• [EXERCISE DESCRIPTION] When a line below contains the word "Répétition", copy that line.

• [INPUT MATERIAL]
####
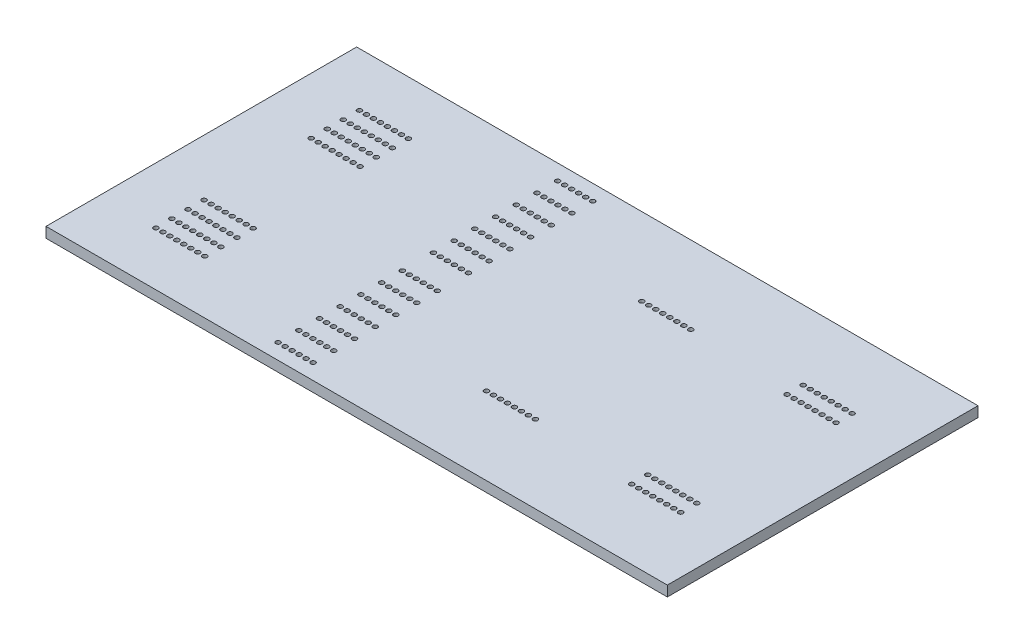
from build123d import *

# Parameters (mm, degrees)
ESQUISSE2_W                     = 120
ESQUISSE2_H                     = 30
BOSS_EXTRU_1_DEPTH              = 2
ENL_V_MAT_EXTRU_3_REACH         = 63.879
ESQUISSE8_R                     = 0.45
R_P_TITION_LIN_AIRE4_COUNT      = 8
R_P_TITION_LIN_AIRE4_PITCH      = 1.35
R_P_TITION_LIN_AIRE4_COUNT_DIR2 = 4
R_P_TITION_LIN_AIRE4_PITCH_DIR2 = 3.111
ENL_V_MAT_EXTRU_4_REACH         = 63.879
ESQUISSE10_R                    = 0.45
R_P_TITION_LIN_AIRE5_COUNT      = 6
R_P_TITION_LIN_AIRE5_PITCH      = 1.35
R_P_TITION_LIN_AIRE5_COUNT_DIR2 = 7
R_P_TITION_LIN_AIRE5_PITCH_DIR2 = 4
ENL_V_MAT_EXTRU_5_REACH         = 63.879
ESQUISSE12_R                    = 0.45
R_P_TITION_LIN_AIRE6_COUNT      = 8
R_P_TITION_LIN_AIRE6_PITCH      = 1.35
ENL_V_MAT_EXTRU_6_REACH         = 63.879
ESQUISSE14_R                    = 0.45
R_P_TITION_LIN_AIRE7_COUNT      = 8
R_P_TITION_LIN_AIRE7_PITCH      = 1.35
R_P_TITION_LIN_AIRE7_COUNT_DIR2 = 2
R_P_TITION_LIN_AIRE7_PITCH_DIR2 = 3.11


with BuildPart() as part:
    # Esquisse2 → Boss.-Extru.1 (new body)
    with BuildSketch(Plane(origin=(0, 0, 0), x_dir=(1, 0, 0), z_dir=(0, 1, 0))):
        Rectangle(ESQUISSE2_W, ESQUISSE2_H)
    extrude(amount=BOSS_EXTRU_1_DEPTH)

    # Esquisse8 → Enlèv. mat.-Extru.3 (cut, up to next)
    with BuildSketch(Plane(origin=(0, 2, 0), x_dir=(1, 0, 0), z_dir=(0, 1, 0)), mode=Mode.PRIVATE) as enl_v_mat_extru_3_sk1:
        with Locations((-49.125, 4.6665)):
            Circle(ESQUISSE8_R)
    enl_v_mat_extru_3_tool1 = extrude(enl_v_mat_extru_3_sk1.sketch, amount=-ENL_V_MAT_EXTRU_3_REACH, mode=Mode.PRIVATE) & part.part
    enl_v_mat_extru_3 = enl_v_mat_extru_3_tool1.solids().sort_by_distance((-49.125, 2, -4.6665))[0]
    add(enl_v_mat_extru_3, mode=Mode.SUBTRACT)

    # Répétition linéaire4: Enl_v. mat.-Extru.3 8 × 4
    with Locations(*[(i * R_P_TITION_LIN_AIRE4_PITCH, 0, j * R_P_TITION_LIN_AIRE4_PITCH_DIR2) for i in range(R_P_TITION_LIN_AIRE4_COUNT) for j in range(R_P_TITION_LIN_AIRE4_COUNT_DIR2) if (i, j) != (0, 0)]):
        add(enl_v_mat_extru_3, mode=Mode.SUBTRACT)

    # Esquisse10 → Enlèv. mat.-Extru.4 (cut, up to next)
    with BuildSketch(Plane(origin=(0, 2, 0), x_dir=(1, 0, 0), z_dir=(0, 1, 0)), mode=Mode.PRIVATE) as enl_v_mat_extru_4_sk1:
        with Locations((-18.175, 12)):
            Circle(ESQUISSE10_R)
    enl_v_mat_extru_4_tool1 = extrude(enl_v_mat_extru_4_sk1.sketch, amount=-ENL_V_MAT_EXTRU_4_REACH, mode=Mode.PRIVATE) & part.part
    enl_v_mat_extru_4 = enl_v_mat_extru_4_tool1.solids().sort_by_distance((-18.175, 2, -12))[0]
    add(enl_v_mat_extru_4, mode=Mode.SUBTRACT)

    # Répétition linéaire5: Enl_v. mat.-Extru.4 6 × 7
    with Locations(*[(i * R_P_TITION_LIN_AIRE5_PITCH, 0, j * R_P_TITION_LIN_AIRE5_PITCH_DIR2) for i in range(R_P_TITION_LIN_AIRE5_COUNT) for j in range(R_P_TITION_LIN_AIRE5_COUNT_DIR2) if (i, j) != (0, 0)]):
        add(enl_v_mat_extru_4, mode=Mode.SUBTRACT)

    # Esquisse12 → Enlèv. mat.-Extru.5 (cut, up to next)
    with BuildSketch(Plane(origin=(0, 2, 0), x_dir=(1, 0, 0), z_dir=(0, 1, 0)), mode=Mode.PRIVATE) as enl_v_mat_extru_5_sk1:
        with Locations((10.075, 0)):
            Circle(ESQUISSE12_R)
    enl_v_mat_extru_5_tool1 = extrude(enl_v_mat_extru_5_sk1.sketch, amount=-ENL_V_MAT_EXTRU_5_REACH, mode=Mode.PRIVATE) & part.part
    enl_v_mat_extru_5 = enl_v_mat_extru_5_tool1.solids().sort_by_distance((10.075, 2, 0))[0]
    add(enl_v_mat_extru_5, mode=Mode.SUBTRACT)

    # Répétition linéaire6: Enlèv. mat.-Extru.5 ×8
    with Locations(*[(i * R_P_TITION_LIN_AIRE6_PITCH, 0, 0) for i in range(1, R_P_TITION_LIN_AIRE6_COUNT)]):
        add(enl_v_mat_extru_5, mode=Mode.SUBTRACT)

    # Esquisse14 → Enlèv. mat.-Extru.6 (cut, up to next)
    with BuildSketch(Plane(origin=(0, 2, 0), x_dir=(1, 0, 0), z_dir=(0, 1, 0)), mode=Mode.PRIVATE) as enl_v_mat_extru_6_sk1:
        with Locations((39.675, 1.555)):
            Circle(ESQUISSE14_R)
    enl_v_mat_extru_6_tool1 = extrude(enl_v_mat_extru_6_sk1.sketch, amount=-ENL_V_MAT_EXTRU_6_REACH, mode=Mode.PRIVATE) & part.part
    enl_v_mat_extru_6 = enl_v_mat_extru_6_tool1.solids().sort_by_distance((39.675, 2, -1.555))[0]
    add(enl_v_mat_extru_6, mode=Mode.SUBTRACT)

    # Répétition linéaire7: Enl_v. mat.-Extru.6 8 × 2
    with Locations(*[(i * R_P_TITION_LIN_AIRE7_PITCH, 0, j * R_P_TITION_LIN_AIRE7_PITCH_DIR2) for i in range(R_P_TITION_LIN_AIRE7_COUNT) for j in range(R_P_TITION_LIN_AIRE7_COUNT_DIR2) if (i, j) != (0, 0)]):
        add(enl_v_mat_extru_6, mode=Mode.SUBTRACT)

    # Symétrie1: part across plane


with BuildPart() as part_1:
    add(part.part)
    add(part.part.mirror(Plane(origin=(-60, 2, 15), x_dir=(1, 0, 0), z_dir=(0, 0, -1))))


solid = part_1.part
####
• [TASK RESPONSE]
    # Répétition linéaire4: Enl_v. mat.-Extru.3 8 × 4
    # Répétition linéaire5: Enl_v. mat.-Extru.4 6 × 7
    # Répétition linéaire6: Enlèv. mat.-Extru.5 ×8
    # Répétition linéaire7: Enl_v. mat.-Extru.6 8 × 2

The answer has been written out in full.